The abbreviation for thundershowers in aviation weather reports and forecasts is TSRA, which stands for "ThunderStorms and RAin." As boring as that little bit of trivia may be, real life thunderstorms certainly get your attention when you are airborne or planning to become airborne. TSRA figured into today's return flight Grantley Adams International Airport in Barbados.
The replacement starter for the right engine arrived a day earlier than FedEx said it would. This was made possible by knowing someone who knew someone who worked for FedEx. Having someone who had an intimate knowledge of how packages clear customs didn't hurt either. So Roy, our local FAA-certificated mechanic, had the new part installed, tested, and signed off by 11am. Roy has over 30 years of experience working on all sorts of aircraft. After finishing the installation, Roy did a thorough walk-around inspection of the aircraft. I'd say he falls into the category of "excellent mechanic."
The flight to Barbados was mostly uneventful, with just a bit of cloud dodging here and there. The last 100 miles or so of this route put us just over 50 miles from the nearest island, but we were on top of the clouds much of the time and that seems to reduce one's awareness of these matters. A partial panel (attitude indicator and HSI covered) ILS to runway 9 was performed by the aircraft owner under the hood since we were in mostly visual conditions. After landing, ground instructed us to taxi to a gate area, but we were not at the main terminal per se and there was no jetway waiting for us.
This airport is much more GA friendly and organized that Trinidad. Everything went very smoothly once we were on the ground because we had arranged a handling service for the price of $170. I called them 20 miles out and the service was waiting for us. They arranged fuel, took our gendec paperwork, processed it, filed our flight plan and got us access to the main terminal so we could have a snack.
I had an uneasy feeling about the towering cumulus clouds that appeared to be closing in on the airport from the east. When we got back to the airplane and prepared to depart, the sunshine was gone, the wind had picked up, and a steady rain had begun falling. The Barbados Terminal Area Forecast called for a 40% probability of TSRA within a 18 hour period, but there was nothing more specific. We received taxi instructions and our clearance, then made our way to the runway. We were told to hold short at the second entrance to the runway from the end. We did our run-up there and I noticed an American Airlines jet was sitting on the runway in position, behind where we would enter the runway. I still didn't like the idea of departing with so little weather information.
After the run-up, we called for departure and were told to standby. The tower asked American if there were ready to go. They said not yet, they were reviewing their weather radar returns. The tower then cleared us for takeoff and I said we'd like to wait and we'd also like to know what American was seeing on their radar. The American crew told us there were three different cells: One to the east, one northeast, and one to the south. They were trying to work out a strategy for picking their way through the mess. I thanked them and looking to the south and west, thought I saw a way out for us.

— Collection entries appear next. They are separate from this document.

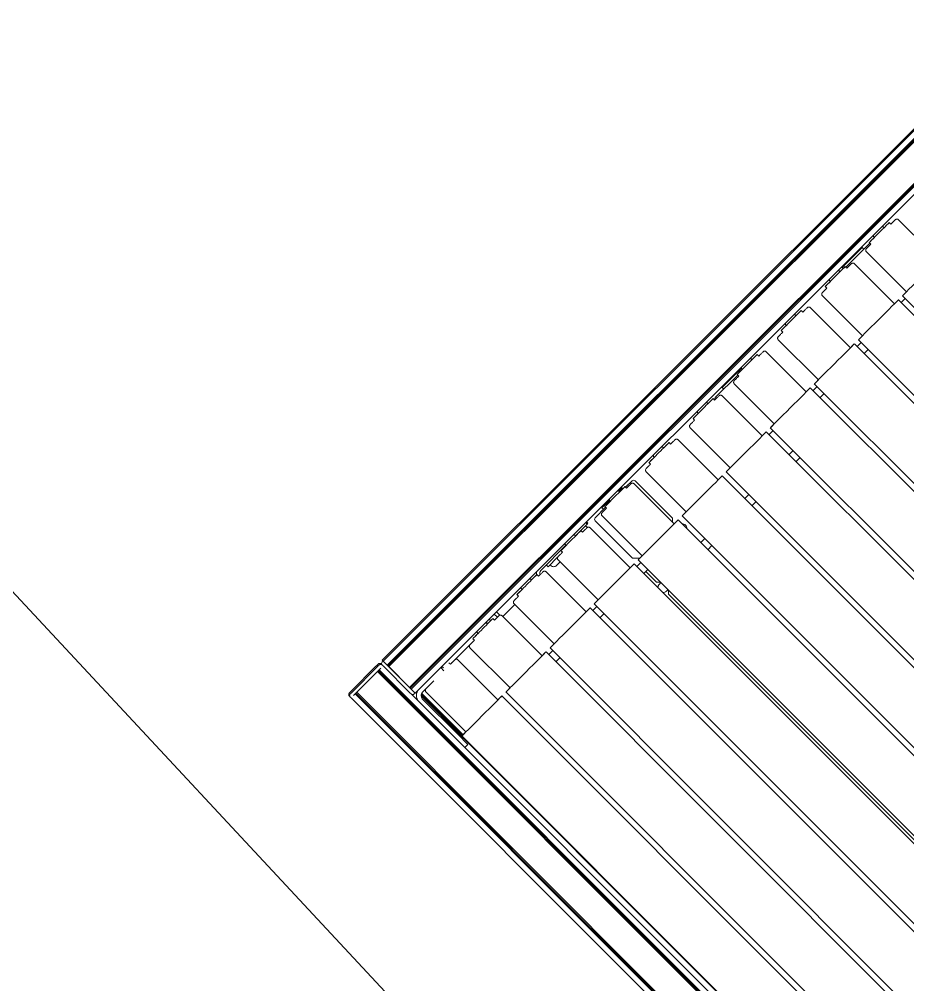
# Model space of a CAD drawing. Header units: metres. Extents: x 51 to 52746, y -259 to 37569.
# Drawn here: x 47359 to 48144, y 31452 to 32305 of the extents above; entities that cross this region are included whole.
import ezdxf

# ---------------------------------------------------------------- set-up
doc = ezdxf.new("R2010")
doc.units = ezdxf.units.M
doc.header["$LTSCALE"] = 500
doc.layers.add('Visible (ISO)', color=7, linetype='Continuous')

msp = doc.modelspace()

# ---------------------------------------------------------------- linework, layer by layer
at = {"color": 8, "linetype": 'Continuous', "lineweight": 0}
msp.add_line((48556.231, 30507.805), (47294.724, 31862.676), dxfattribs=at)
at = {"layer": 'Visible (ISO)', "color": 4, "lineweight": 5}
for p, q in [((47679.939, 31739.113), (48769.228, 32827.713)), ((48770.057, 32826.884), (47680.768, 31738.284)), ((48770.057, 32826.884), (47680.768, 31738.284)), ((48770.057, 32826.884), (47680.768, 31738.284)), ((48770.058, 32826.883), (47680.769, 31738.283)), ((48770.058, 32826.883), (47680.769, 31738.283)), ((48770.058, 32826.883), (47680.769, 31738.283)), ((48773.592, 32823.347), (47684.304, 31734.746)), ((48774.299, 32822.639), (47685.01, 31734.039)), ((48775.006, 32821.932), (47685.717, 31733.332)), ((48793.385, 32803.541), (47704.096, 31714.941)), ((48794.092, 32802.834), (47704.803, 31714.234)), ((48794.799, 32802.127), (47705.51, 31713.527)), ((48798.333, 32798.59), (47709.044, 31709.99)), ((48127.783, 32125.637), (48129.196, 32124.222)), ((48171.259, 32092.743), (48135.915, 32128.109)), ((48113.99, 32114.68), (48113.99, 32113.267)), ((48121.065, 32121.75), (48122.478, 32121.75)), ((48122.478, 32121.75), (48123.185, 32121.042)), ((48110.684, 32107.38), (48089.464, 32086.173)), ((48110.099, 32107.965), (48111.513, 32106.55)), ((48113.99, 32113.267), (48114.697, 32112.56)), ((48103.965, 32103.493), (48086.282, 32085.821)), ((48098.783, 32099.483), (48099.368, 32098.898)), ((48103.965, 32103.493), (48105.379, 32102.078)), ((48142.966, 32064.467), (48107.622, 32099.834)), ((48090.296, 32091), (48090.88, 32090.415)), ((48132.356, 32053.864), (48097.012, 32089.231)), ((48082.162, 32082.871), (48083.575, 32082.871)), ((48083.575, 32082.871), (48084.282, 32082.164)), ((48086.282, 32085.821), (48087.111, 32084.991)), ((48088.879, 32086.758), (48090.293, 32085.344)), ((48075.087, 32075.801), (48075.087, 32074.388)), ((48075.087, 32074.388), (48075.794, 32073.681)), ((48071.196, 32069.086), (48072.61, 32067.672)), ((48104.063, 32025.589), (48068.719, 32060.955)), ((48489.334, 31703.733), (48135.893, 32057.399)), ((48138.315, 32054.974), (48141.852, 32058.509)), ((48492.871, 31707.268), (48139.429, 32060.933)), ((48049.976, 32047.88), (48051.39, 32046.465)), ((48093.453, 32014.986), (48058.109, 32050.352)), ((48043.259, 32043.993), (48044.672, 32043.992)), ((48044.672, 32043.992), (48045.379, 32043.285)), ((48032.293, 32030.208), (48033.707, 32028.793)), ((48036.184, 32036.923), (48036.184, 32035.51)), ((48036.184, 32035.51), (48036.891, 32034.802)), ((48065.16, 31986.71), (48029.816, 32022.077)), ((48453.968, 31668.389), (48100.526, 32022.054)), ((48450.431, 31664.855), (48096.99, 32018.52)), ((48099.412, 32016.096), (48102.949, 32019.63)), ((48105.633, 32009.871), (48109.169, 32013.406)), ((48004.355, 32005.114), (48005.769, 32005.114)), ((48005.769, 32005.114), (48006.475, 32004.406)), ((48011.073, 32009.001), (48012.487, 32007.587)), ((48054.55, 31976.107), (48019.206, 32011.473)), ((47997.281, 31996.876), (47980.182, 31979.788)), ((47997.281, 31998.044), (47997.281, 31996.631)), ((47997.281, 31996.631), (47997.987, 31995.924)), ((47993.974, 31990.744), (47974.169, 31970.951)), ((47992.684, 31993.45), (47993.268, 31992.866)), ((47993.39, 31991.329), (47994.804, 31989.914)), ((47980.182, 31979.788), (47981.596, 31978.374)), ((47984.196, 31984.967), (47984.78, 31984.383)), ((48026.256, 31947.832), (47990.912, 31983.198)), ((48411.528, 31625.976), (48058.086, 31979.641)), ((48060.509, 31977.217), (48064.046, 31980.752)), ((48415.065, 31629.511), (48061.623, 31983.176)), ((47972.17, 31970.123), (47973.584, 31968.708)), ((48015.647, 31937.228), (47980.302, 31972.595)), ((48066.729, 31970.993), (48070.266, 31974.527)), ((47965.452, 31966.236), (47966.865, 31966.235)), ((47966.865, 31966.235), (47967.572, 31965.528)), ((47954.487, 31952.451), (47955.9, 31951.036)), ((47958.378, 31959.166), (47958.377, 31957.753)), ((47958.377, 31957.753), (47959.084, 31957.045)), ((47987.353, 31908.953), (47952.009, 31944.32)), ((48376.161, 31590.632), (48022.72, 31944.297)), ((48372.625, 31587.098), (48019.183, 31940.763)), ((48021.606, 31938.339), (48025.142, 31941.873)), ((47926.549, 31927.357), (47927.962, 31927.357)), ((47927.962, 31927.357), (47928.669, 31926.649)), ((47933.267, 31931.244), (47934.68, 31929.829)), ((47976.743, 31898.35), (47941.399, 31933.716)), ((47919.475, 31920.287), (47919.474, 31918.874)), ((47919.474, 31918.874), (47920.181, 31918.167)), ((48039.278, 31920.655), (48042.814, 31924.19)), ((48045.498, 31914.431), (48049.035, 31917.965)), ((47915.583, 31913.572), (47916.997, 31912.157)), ((47948.45, 31870.074), (47913.106, 31905.441)), ((48333.722, 31548.219), (47980.28, 31901.884)), ((48337.258, 31551.754), (47983.817, 31905.419)), ((47894.364, 31892.365), (47895.777, 31890.951)), ((47900.607, 31897.435), (47894.948, 31891.78)), ((47937.84, 31859.471), (47902.496, 31894.838)), ((47936.013, 31864.837), (47903.435, 31897.435)), ((47887.646, 31888.478), (47889.059, 31888.478)), ((47891.766, 31891.428), (47888.815, 31888.478)), ((47889.059, 31888.478), (47889.766, 31887.771)), ((47891.766, 31891.428), (47892.595, 31890.598)), ((48000.375, 31881.777), (48003.911, 31885.311)), ((47880.571, 31880.24), (47874.083, 31873.756)), ((47878.096, 31878.935), (47878.681, 31878.351)), ((47880.571, 31881.408), (47880.571, 31879.995)), ((47880.571, 31879.995), (47881.278, 31879.288)), ((48006.595, 31875.552), (48010.132, 31879.087)), ((47877.265, 31874.108), (47868.07, 31864.919)), ((47874.083, 31873.756), (47875.497, 31872.341)), ((47876.68, 31874.693), (47878.094, 31873.279)), ((47860.997, 31859.264), (47850.741, 31849.014)), ((47860.997, 31859.264), (47859.706, 31860.556)), ((47860.413, 31861.263), (47861.704, 31859.971)), ((47861.704, 31859.971), (47860.997, 31859.264)), ((47900.646, 31829.493), (47868.069, 31862.09)), ((47909.547, 31831.196), (47874.203, 31866.562)), ((47936.304, 31861.008), (47936.305, 31864.13)), ((48294.818, 31509.341), (47941.377, 31863.006)), ((48298.355, 31512.875), (47944.914, 31866.54)), ((47855.46, 31853.487), (47856.874, 31852.072)), ((47859.582, 31857.85), (47861.163, 31856.269)), ((47898.937, 31820.593), (47863.593, 31855.959)), ((47841.668, 31842.53), (47841.668, 31841.117)), ((47841.668, 31841.117), (47842.375, 31840.41)), ((47848.743, 31849.6), (47850.156, 31849.599)), ((47850.156, 31849.599), (47850.863, 31848.892)), ((47961.472, 31842.898), (47965.008, 31846.433)), ((47842.253, 31840.532), (47819.972, 31818.265)), ((47837.777, 31835.815), (47839.191, 31834.4)), ((47838.221, 31836.503), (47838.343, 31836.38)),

I told the tower we were ready and we did a sort of right downwind departure fairly close to the runawy. We went through some clouds and then came out in a cloud canyon of sorts. It was a clear shot to the west, so that's what we asked for. The controller kept offering us a turn right on course, but there was a large build-up to our right. I said we'd have to proceed west for another 10 miles before we could turn. In general, most of the tropical thunderstorms I've seen on this trip have been isolated and easy to spot and avoid if you are in visual conditions. Get in the clouds with no radar and no XM weather and you're really rolling the dice.
We picked our way to the west, remaining in the clear and gradually turning northwest as we passed the larger build-ups. We heard the American flight depart and they asked for several deviations as they made their way to the east before turning northwest. Eventually we got a climb to level 080 and soon we were able to join Amber 628, our assigned airway. It was just a 25 mile deviation or so. As I heard the American flight get a frequency change, I wished there had been another opportunity to thank them again for their assistance. Now to the northwest about 50 miles, we had perspective on what we had avoided (though the wide angle lens on my camera doesn't really convey the scale very well).
The flight back was over mostly scatter clouds and the 12 DME ARC RWY 07 approach (again partial panel) into V.C. Bird went pretty well. I probably have just one more flight tomorrow, then my pilot duties on this trip will complete, we'll be on an American Airlines flight to San Juan, and this trip will become one unforgettable memory.